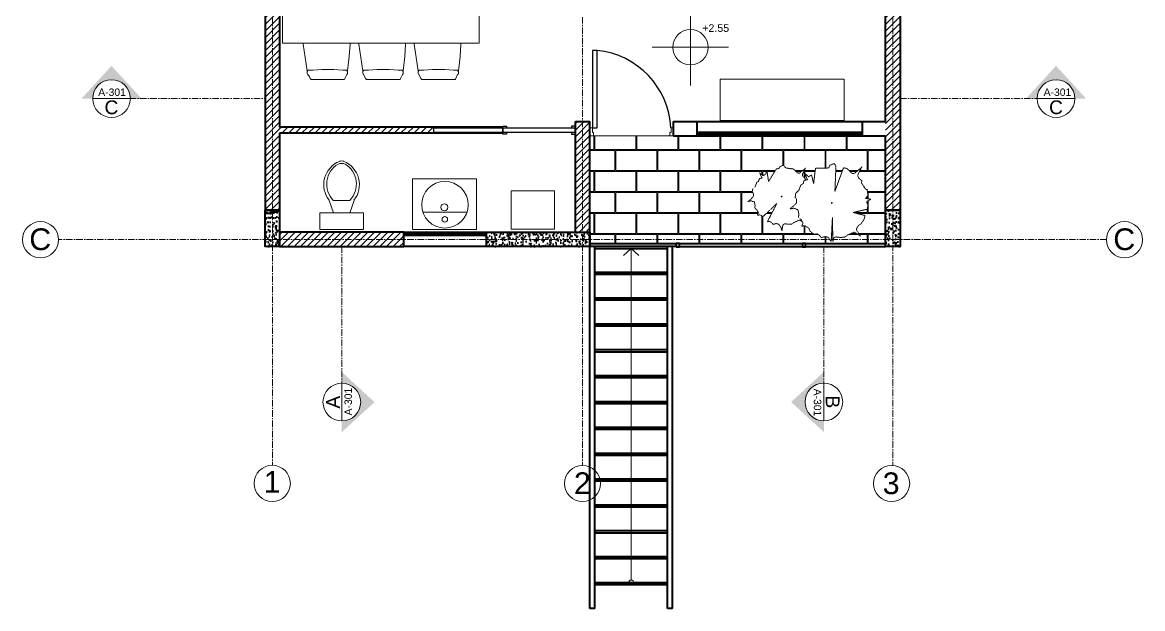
# Model space of a CAD drawing. Header units: metres. Extents: x -3394 to 4496, y 8696 to 12812.
# Drawn here: x -1735 to -652, y 8697 to 9264 of the extents above; entities that cross this region are included whole.
import ezdxf
from ezdxf.enums import TextEntityAlignment as Align

# ---------------------------------------------------------------- set-up
doc = ezdxf.new("R2010")
doc.units = ezdxf.units.M
doc.header["$LTSCALE"] = 5
doc.header["$MEASUREMENT"] = 0
doc.linetypes.add('CENTERX2', pattern=[4, 2.5, -0.5, 0.5, -0.5])
doc.linetypes.add('HIDDEN', pattern=[0.375, 0.25, -0.125])
doc.layers.get('0').update_dxf_attribs({"color": 255})
for name, color, linetype, lineweight in [('A-ANNO-SYMB', 3, 'Continuous', 15), ('A-ANNO-SYMBT', 1, 'CENTERX2', 9), ('A-ANNO-TEXT', 3, 'Continuous', 18), ('A-DOOR-FULL', 5, 'Continuous', 25), ('A-FLOR-LEVL', 5, 'Continuous', 35), ('A-FLOR-OVHD', 3, 'HIDDEN', 18), ('A-FURN', 2, 'Continuous', 18), ('A-GLAZ-FULL', 5, 'Continuous', 25), ('A-WALL-FULL', 4, 'Continuous', 35)]:
    doc.layers.add(name, color=color, linetype=linetype, lineweight=lineweight)
doc.layers.add('G-ANNO-NPLT', color=210, linetype='Continuous', lineweight=18, plot=False)
doc.styles.add('ARIAL', font='arial.ttf')
pattern_1 = [(50, (1839.6505, 17387.356), (9.1092334, -0.796954), [0.9525, -10.4775]), (355, (1839.6505, 17387.356), (-1.762141, 9.552832), [0.762, -8.382]), (100.451, (1840.41, 17387.29), (7.347125, 8.755834), [0.8095, -8.9045]), (46.1842, (1839.65, 17389.896), (13.553952, -2.102116), [1.42875, -15.71625]), (96.6356, (1840.78, 17389.721), (11.870212, 12.371278), [1.21425, -13.35675]), (351.184, (1839.65, 17389.896), (11.87023, 12.371256), [1.143, -12.573]), (21, (1840.9205, 17389.261), (7.580744, -5.113276), [0.9525, -10.4775]), (326, (1840.9205, 17389.261), (3.090101, 9.209398), [0.762, -8.382]), (71.4514, (1841.552, 17388.835), (10.6708245, 4.096143), [0.8095, -8.9045]), (37.5, (1839.6505, 17387.356), (0.1544302, 4.227752), [0, -8.2804, 0, -8.509, 0, -8.41375]), (7.5, (1839.6505, 17387.356), (3.3409831, 5.0090287), [0, -4.8514, 0, -8.0899, 0, -3.20675]), (327.5, (1836.8184, 17387.356), (6.7795298, -0.2864372), [0, -3.175, 0, -9.906, 0, -13.1445]), (317.5, (1835.5484, 17387.356), (7.406459, 1.2713246), [0, -4.1275, 0, -6.5786, 0, -9.3345])]
pattern_2 = [(50, (2059.6505, 17762.356), (9.1092334, -0.796954), [0.9525, -10.4775]), (355, (2059.6505, 17762.356), (-1.762141, 9.552832), [0.762, -8.382]), (100.451, (2060.41, 17762.29), (7.347125, 8.755834), [0.8095, -8.9045]), (46.1842, (2059.65, 17764.896), (13.553952, -2.102116), [1.42875, -15.71625]), (96.6356, (2060.78, 17764.721), (11.870212, 12.371278), [1.21425, -13.35675]), (351.184, (2059.65, 17764.896), (11.87023, 12.371256), [1.143, -12.573]), (21, (2060.9205, 17764.261), (7.580744, -5.113276), [0.9525, -10.4775]), (326, (2060.9205, 17764.261), (3.090101, 9.209398), [0.762, -8.382]), (71.4514, (2061.552, 17763.835), (10.6708245, 4.096143), [0.8095, -8.9045]), (37.5, (2059.6505, 17762.356), (0.1544302, 4.227752), [0, -8.2804, 0, -8.509, 0, -8.41375]), (7.5, (2059.6505, 17762.356), (3.3409831, 5.0090287), [0, -4.8514, 0, -8.0899, 0, -3.20675]), (327.5, (2056.8184, 17762.356), (6.7795298, -0.2864372), [0, -3.175, 0, -9.906, 0, -13.1445]), (317.5, (2055.5484, 17762.356), (7.406459, 1.2713246), [0, -4.1275, 0, -6.5786, 0, -9.3345])]
pattern_3 = [(50, (1240.6505, 17762.356), (9.1092334, -0.796954), [0.9525, -10.4775]), (355, (1240.6505, 17762.356), (-1.762141, 9.552832), [0.762, -8.382]), (100.451, (1241.41, 17762.29), (7.347125, 8.755834), [0.8095, -8.9045]), (46.1842, (1240.65, 17764.896), (13.553952, -2.102116), [1.42875, -15.71625]), (96.6356, (1241.78, 17764.721), (11.870212, 12.371278), [1.21425, -13.35675]), (351.184, (1240.65, 17764.896), (11.87023, 12.371256), [1.143, -12.573]), (21, (1241.9205, 17764.261), (7.580744, -5.113276), [0.9525, -10.4775]), (326, (1241.9205, 17764.261), (3.090101, 9.209398), [0.762, -8.382]), (71.4514, (1242.552, 17763.835), (10.6708245, 4.096143), [0.8095, -8.9045]), (37.5, (1240.6505, 17762.356), (0.1544302, 4.227752), [0, -8.2804, 0, -8.509, 0, -8.41375]), (7.5, (1240.6505, 17762.356), (3.3409831, 5.0090287), [0, -4.8514, 0, -8.0899, 0, -3.20675]), (327.5, (1237.8184, 17762.356), (6.7795298, -0.2864372), [0, -3.175, 0, -9.906, 0, -13.1445]), (317.5, (1236.5484, 17762.356), (7.406459, 1.2713246), [0, -4.1275, 0, -6.5786, 0, -9.3345])]
pattern_4 = [(45, (316.65, 0.7777), (-3.1908194, 3.1908194), [])]

# ---------------------------------------------------------------- blocks, each defined once
blk = doc.blocks.new('section plan')
h = blk.add_hatch(color=256)
h.dxf.hatch_style = 1
h.paths.add_polyline_path([(56.9, 0.3), (46.3, 0.3, -1), (10.7, 0.3), (0.1, 0.3), (28.5, -30.6)])
blk.add_line((46.3, 0.3), (10.7, 0.3))
blk.add_circle((28.5, 0.3), 17.8)
at = {"style": 'ARIAL'}
for tag, height, p in [('A', 13, (28.4, 8.6)), ('A-301', 7, (29, -5.7))]:
    blk.add_attdef(tag, text='', height=height, dxfattribs=at).set_placement(p, align=Align.MIDDLE_CENTER)

msp = doc.modelspace()

# ---------------------------------------------------------------- hatches: boundary and pattern name
at = {"layer": 'A-GLAZ-FULL'}
for points in [[(-1365.1, 9057.9), (-1365.1, 9057.6), (-1366.8, 9057.6), (-1366.8, 9060.3), (-1365.1, 9060.3), (-1365.1, 9060), (-1366.6, 9060), (-1366.6, 9057.9)], [(-1365.1, 9057.9), (-1365.1, 9057.6), (-1366.8, 9057.6), (-1366.8, 9060.3), (-1365.1, 9060.3), (-1365.1, 9060), (-1366.6, 9060), (-1366.6, 9057.9)], [(-1288.5, 9057.9), (-1288.5, 9057.6), (-1286.8, 9057.6), (-1286.8, 9060.3), (-1288.5, 9060.3), (-1288.5, 9060), (-1287.1, 9060), (-1287.1, 9057.9)], [(-1288.5, 9057.9), (-1288.5, 9057.6), (-1286.8, 9057.6), (-1286.8, 9060.3), (-1288.5, 9060.3), (-1288.5, 9060), (-1287.1, 9060), (-1287.1, 9057.9)]]:
    msp.add_hatch(color=256, dxfattribs=at).paths.add_polyline_path(points)
at = {"layer": 'A-WALL-FULL'}
h = msp.add_hatch(dxfattribs=at)
h.set_pattern_fill('AR-CONC', color=256, scale=0.05, style=0)
h.set_pattern_definition(pattern_1)
h.paths.add_polyline_path([(-1486.8, 9082.3), (-1500.8, 9082.3), (-1500.8, 9047.3), (-1486.8, 9047.3)])
h = msp.add_hatch(dxfattribs=at)
h.set_pattern_fill('AR-CONC', color=256, scale=0.05, style=0)
h.set_pattern_definition(pattern_3)
h.paths.add_polyline_path([(-886.8, 9082.3), (-900.8, 9082.3), (-900.8, 9047.3), (-886.8, 9047.3)])
h = msp.add_hatch(dxfattribs=at)
h.set_pattern_fill('AR-CONC', color=256, scale=0.05, style=0)
h.set_pattern_definition(pattern_2)
h.paths.add_polyline_path([(-1286.8, 9061.3), (-1286.8, 9047.3), (-1186.8, 9047.3), (-1186.8, 9061.3)])
at = {"layer": 'G-ANNO-NPLT'}
h = msp.add_hatch(dxfattribs=at)
h.set_pattern_fill('ANSI31', color=256, scale=36.1)
h.set_pattern_definition(pattern_4)
h.paths.add_polyline_path([(-1080.9, 9652.3), (-1186.8, 9652.3), (-1186.8, 9638.3), (-1080.9, 9638.3)])
h.paths.add_polyline_path([(-900.8, 9652.3), (-1000.8, 9652.3), (-1000.8, 9638.3), (-900.8, 9638.3)])
h.paths.add_polyline_path([(-1286.8, 9652.3), (-1486.8, 9652.3), (-1486.8, 9638.3), (-1286.8, 9638.3), (-1286.8, 9639.5), (-1286.8, 9639.5), (-1286.8, 9641.9), (-1286.8, 9641.9), (-1286.8, 9642.2)])
h.paths.add_polyline_path([(-1486.8, 9627.3), (-1500.8, 9627.3), (-1500.8, 9447.3), (-1486.8, 9447.3)])
h.paths.add_polyline_path([(-886.8, 9627.3), (-900.8, 9627.3), (-900.8, 9447.3), (-886.8, 9447.3)])
h.paths.add_polyline_path([(-886.8, 9422.3), (-900.8, 9422.3), (-900.8, 9082.3), (-886.8, 9082.3)])
h.paths.add_polyline_path([(-1486.8, 9422.3), (-1500.8, 9422.3), (-1500.8, 9082.3), (-1486.8, 9082.3)])
h.paths.add_polyline_path([(-1366.8, 9061.3), (-1405.8, 9061.3), (-1405.8, 9061.2), (-1447.8, 9061.2), (-1486.8, 9061.3), (-1486.8, 9047.3), (-1446.8, 9047.3), (-1406.8, 9047.3), (-1366.8, 9047.3)])
h = msp.add_hatch(dxfattribs=at)
h.set_pattern_fill('ANSI31', color=256, scale=36.1, style=0)
h.set_pattern_definition(pattern_4)
h.paths.add_polyline_path([(-1186.8, 9154.2), (-1186.8, 9154.2), (-1186.8, 9157.4), (-1186.8, 9161.9), (-1186.8, 9168.2), (-1200.8, 9168.2), (-1200.8, 9061.3), (-1186.8, 9061.3)])
h = msp.add_hatch(dxfattribs=at)
h.set_pattern_fill('ANSI31', color=256, scale=36.1)
h.set_pattern_definition(pattern_4)
h.paths.add_polyline_path([(-1337.7, 9162), (-1270.9, 9162), (-1270.9, 9162.7), (-1486.8, 9162.7), (-1486.8, 9156.8), (-1270.9, 9156.8), (-1270.9, 9157.5), (-1337.7, 9157.5)])
h = msp.add_hatch(dxfattribs=at)
h.set_pattern_fill('AR-B816C', color=256, scale=0.1)
h.set_pattern_definition([(0, (-2137.003, 4913.59), (20.32, 20.32), [39.6875, -0.9525]), (0, (-2157.323, 4914.543), (20.32, 20.32), [39.6875, -0.9525]), (90, (-2137.003, 4913.59), (-20.32, 20.32), [-21.2725, 19.3675]), (90, (-2137.955, 4913.59), (-20.32, 20.32), [-21.2725, 19.3675])])
h.paths.add_polyline_path([(-1186.8, 9049.8), (-900.8, 9049.8), (-900.8, 9082.3), (-900.8, 9122.3), (-900.8, 9154.2), (-1105.8, 9154.2), (-1105.8, 9154.2), (-1109.3, 9154.2), (-1183.3, 9154.2), (-1186.8, 9154.2)])
h.paths.add_polyline_path([(-1033.9, 9090.8), (-1030.8, 9093.3), (-1028.7, 9095.8), (-1028.6, 9098.5), (-1029.8, 9099.9), (-1029.3, 9103), (-1026.8, 9105.4), (-1025.5, 9109.1), (-1023.6, 9110.5), (-1022.8, 9112.9), (-1020.3, 9113.5), (-1022.6, 9118.5), (-1019.4, 9115.8), (-1017.1, 9117), (-1015.5, 9120.2), (-1014, 9110.1), (-1006.4, 9122.4), (-1003.8, 9122.7), (-1003.1, 9124.5), (-999.6, 9126), (-998.2, 9124.1), (-996.8, 9123.2), (-992.4, 9122.6), (-989.7, 9122.2), (-986, 9118.4), (-983.9, 9118.3), (-980.4, 9121.2), (-978.1, 9123.5), (-979.9, 9120.1), (-981.4, 9116.8), (-980.6, 9114.7), (-978.3, 9112.8), (-978.4, 9111.5), (-976.4, 9111.9), (-979.2, 9118.2), (-975.2, 9114.8), (-972.4, 9116.3), (-970.4, 9108.3), (-968.6, 9122.9), (-959, 9123), (-955.8, 9123.4), (-954.8, 9125.7), (-950.5, 9127.5), (-948.8, 9125.1), (-949.8, 9100.7), (-941.5, 9123.4), (-938.1, 9122.8), (-933.5, 9118), (-930.9, 9118), (-926.5, 9121.6), (-923.6, 9124.4), (-926, 9120.2), (-927.8, 9116), (-926.8, 9113.5), (-923.9, 9111), (-924, 9108.7), (-920.1, 9102.6), (-918.3, 9102.2), (-918.6, 9101.2), (-918, 9098.3), (-918, 9096.5), (-920.2, 9093.9), (-915, 9093), (-918.7, 9091), (-919.2, 9089.9), (-917.9, 9088), (-918.4, 9083.4), (-932.2, 9080.2), (-920.7, 9077.3), (-921.5, 9073.7), (-924.4, 9069.4), (-927.1, 9067.5), (-928.8, 9064.6), (-928.8, 9063.1), (-925.1, 9057.3), (-931, 9061.3), (-938, 9058.1), (-940.6, 9056.3), (-944.9, 9056.1), (-948.8, 9056.6), (-950.9, 9055.6), (-951.8, 9052.2), (-952.2, 9075.5), (-953.4, 9052), (-956.4, 9056.3), (-959.2, 9056.9), (-963.1, 9055.9), (-964.9, 9058.2), (-966.9, 9059.5), (-969.9, 9059.2), (-973.6, 9061.8), (-975.3, 9065.3), (-978.9, 9067.5), (-981.9, 9066.9), (-980.7, 9070.1), (-981.3, 9071.2), (-984, 9073), (-989.6, 9070.4), (-991.7, 9069), (-995.1, 9068.9), (-998.2, 9069.3), (-999.9, 9068.5), (-1000.6, 9065.7), (-1001, 9062.5), (-1001.9, 9065.6), (-1004.3, 9069), (-1006.6, 9069.5), (-1009.7, 9068.7), (-1011.1, 9070.5), (-1012.7, 9071.5), (-1015.1, 9071.3), (-1006, 9088.8), (-1019.4, 9076.2), (-1022.3, 9078), (-1024.7, 9077.5), (-1023.8, 9080), (-1025.1, 9082.5), (-1027.2, 9084.4), (-1027, 9087), (-1027.6, 9090.3), (-1030.9, 9091.5)], flags=16)
h.paths.add_polyline_path([(-1001.7, 9096), (-1000.9, 9095.8), (-1001.7, 9095.1)], flags=0)
h.paths.add_polyline_path([(-953.2, 9090), (-952.1, 9089.8), (-953.2, 9088.9)], flags=0)
h = msp.add_hatch(dxfattribs=at)
h.set_pattern_fill('AR-CONC', color=256, scale=0.05, style=0)
h.set_pattern_definition(pattern_1)
h.paths.add_polyline_path([(-1486.8, 9082.3), (-1500.8, 9082.3), (-1500.8, 9047.3), (-1486.8, 9047.3)])
h = msp.add_hatch(dxfattribs=at)
h.set_pattern_fill('AR-CONC', color=256, scale=0.05, style=0)
h.set_pattern_definition(pattern_3)
h.paths.add_polyline_path([(-886.8, 9082.3), (-900.8, 9082.3), (-900.8, 9047.3), (-886.8, 9047.3)])
h = msp.add_hatch(dxfattribs=at)
h.set_pattern_fill('AR-CONC', color=256, scale=0.05, style=0)
h.set_pattern_definition(pattern_2)
h.paths.add_polyline_path([(-1286.8, 9061.3), (-1286.8, 9047.3), (-1186.8, 9047.3), (-1186.8, 9061.3)])

# ---------------------------------------------------------------- linework, layer by layer
at = {"layer": 'A-ANNO-SYMB'}
for p, q in [((-1089.5, 9203), (-1089.5, 9276.8)), ((-1126.5, 9239.9), (-1052.6, 9239.9)), ((-1183.3, 9154.2), (-1109.3, 9154.2))]:
    msp.add_line(p, q, dxfattribs=at)
for points in [[(-1270.9, 9162), (-1270.9, 9162), (-1270.9, 9163.6), (-1267.4, 9163.6), (-1267.4, 9162)], [(-1267.4, 9157.5), (-1267.4, 9157.5), (-1267.4, 9155.9), (-1270.9, 9155.9), (-1270.9, 9157.5)], [(-1200.9, 9159.1), (-1200.9, 9159.1), (-1200.9, 9163.6), (-1204.4, 9163.6), (-1204.4, 9162)], [(-1204.4, 9157.5), (-1204.4, 9157.5), (-1204.4, 9155.9), (-1200.9, 9155.9), (-1200.9, 9159.1)], [(-1186.8, 9157.4), (-1186.8, 9161.9), (-1184.3, 9161.9), (-1184.3, 9157.4)], [(-1186.8, 9157.4), (-1186.8, 9161.9), (-1184.3, 9161.9), (-1184.3, 9157.4)], [(-1186.8, 9157.4), (-1186.8, 9154.2), (-1183.3, 9154.2), (-1183.3, 9157.4), (-1184.3, 9157.4)], [(-1186.8, 9157.4), (-1186.8, 9154.2), (-1183.3, 9154.2), (-1183.3, 9157.4), (-1184.3, 9157.4)], [(-1108.3, 9157.4), (-1109.3, 9157.4), (-1109.3, 9154.2), (-1105.8, 9154.2), (-1105.8, 9157.4)], [(-1108.3, 9157.4), (-1109.3, 9157.4), (-1109.3, 9154.2), (-1105.8, 9154.2), (-1105.8, 9157.4)], [(-1108.3, 9157.4), (-1108.3, 9161.9), (-1105.8, 9161.9), (-1105.8, 9157.4)], [(-1108.3, 9157.4), (-1108.3, 9161.9), (-1105.8, 9161.9), (-1105.8, 9157.4)]]:
    msp.add_lwpolyline(points, dxfattribs=at)
for centre, radius in [((-1089.5, 9239.9), 17.1), ((-1718, 9053.9), 17.5), ((-669.8, 9053.9), 17.5), ((-1493.9, 8818.3), 17.5), ((-1193.9, 8818.2), 17.5), ((-895, 8818.2), 17.5)]:
    msp.add_circle(centre, radius, dxfattribs=at)
at = {"layer": 'A-ANNO-SYMBT', "ltscale": 0.5}
for p, q in [((-1493.8, 9849), (-1493.8, 8835.6)), ((-1193.8, 9849), (-1193.8, 8835.6)), ((-893.8, 9849), (-893.8, 8835.6)), ((-1631.8, 9190.3), (-1500.8, 9190.3)), ((-886.8, 9190.3), (-754.2, 9190.3)), ((-687.1, 9054.1), (-1700.5, 9054.1)), ((-1426.7, 9047.3), (-1426.7, 8915.1)), ((-960.4, 9047.3), (-960.4, 8915.1))]:
    msp.add_line(p, q, dxfattribs=at)
at = {"layer": 'A-ANNO-TEXT'}
for p, q in [((-1146.8, 9045.3), (-1154.1, 9038.7)), ((-1146.8, 8724.8), (-1146.8, 9045.3)), ((-1146.8, 9045.3), (-1139.5, 9038.7))]:
    msp.add_line(p, q, dxfattribs=at)
msp.add_circle((-1146.8, 8722.3), 2.5, dxfattribs=at)
at = {"layer": 'A-DOOR-FULL'}
for points in [[(-1184.3, 9236.9), (-1184.3, 9161.9), (-1179.8, 9161.9), (-1179.8, 9236.9)], [(-1184.3, 9236.9), (-1184.3, 9161.9), (-1179.8, 9161.9), (-1179.8, 9236.9)], [(-1270.9, 9157.5), (-1337.7, 9157.5), (-1337.7, 9162), (-1270.9, 9162)], [(-1201.3, 9157.5), (-1270.9, 9157.5), (-1270.9, 9162), (-1201.3, 9162)], [(-1201.3, 9157.5), (-1270.9, 9157.5), (-1270.9, 9162), (-1201.3, 9162)]]:
    msp.add_lwpolyline(points, close=True, dxfattribs=at)
at = {"layer": 'A-DOOR-FULL', "color": 7}
msp.add_lwpolyline([(-1270.9, 9157.5), (-1337.7, 9157.5), (-1337.7, 9162), (-1270.9, 9162)], close=True, dxfattribs=at)
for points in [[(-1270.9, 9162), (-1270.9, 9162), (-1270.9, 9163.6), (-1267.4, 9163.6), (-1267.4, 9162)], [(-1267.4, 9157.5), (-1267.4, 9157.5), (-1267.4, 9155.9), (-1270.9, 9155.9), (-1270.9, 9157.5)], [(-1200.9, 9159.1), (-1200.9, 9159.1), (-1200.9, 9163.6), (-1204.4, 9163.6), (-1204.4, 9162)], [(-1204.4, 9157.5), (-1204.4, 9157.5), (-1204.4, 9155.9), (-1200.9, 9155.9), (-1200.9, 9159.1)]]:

=-=-=-=-=

**Brief:** Print the entries as they stand, first line through the line holding "doc.styles.add('ARIAL', font='arial.ttf')", with every picture removed.

**Finished task:**
# Model space of a CAD drawing. Header units: metres. Extents: x -3394 to 4496, y 8696 to 12812.
# Drawn here: x -1735 to -652, y 8697 to 9264 of the extents above; entities that cross this region are included whole.
import ezdxf
from ezdxf.enums import TextEntityAlignment as Align

# ---------------------------------------------------------------- set-up
doc = ezdxf.new("R2010")
doc.units = ezdxf.units.M
doc.header["$LTSCALE"] = 5
doc.header["$MEASUREMENT"] = 0
doc.linetypes.add('CENTERX2', pattern=[4, 2.5, -0.5, 0.5, -0.5])
doc.linetypes.add('HIDDEN', pattern=[0.375, 0.25, -0.125])
doc.layers.get('0').update_dxf_attribs({"color": 255})
for name, color, linetype, lineweight in [('A-ANNO-SYMB', 3, 'Continuous', 15), ('A-ANNO-SYMBT', 1, 'CENTERX2', 9), ('A-ANNO-TEXT', 3, 'Continuous', 18), ('A-DOOR-FULL', 5, 'Continuous', 25), ('A-FLOR-LEVL', 5, 'Continuous', 35), ('A-FLOR-OVHD', 3, 'HIDDEN', 18), ('A-FURN', 2, 'Continuous', 18), ('A-GLAZ-FULL', 5, 'Continuous', 25), ('A-WALL-FULL', 4, 'Continuous', 35)]:
    doc.layers.add(name, color=color, linetype=linetype, lineweight=lineweight)
doc.layers.add('G-ANNO-NPLT', color=210, linetype='Continuous', lineweight=18, plot=False)
doc.styles.add('ARIAL', font='arial.ttf')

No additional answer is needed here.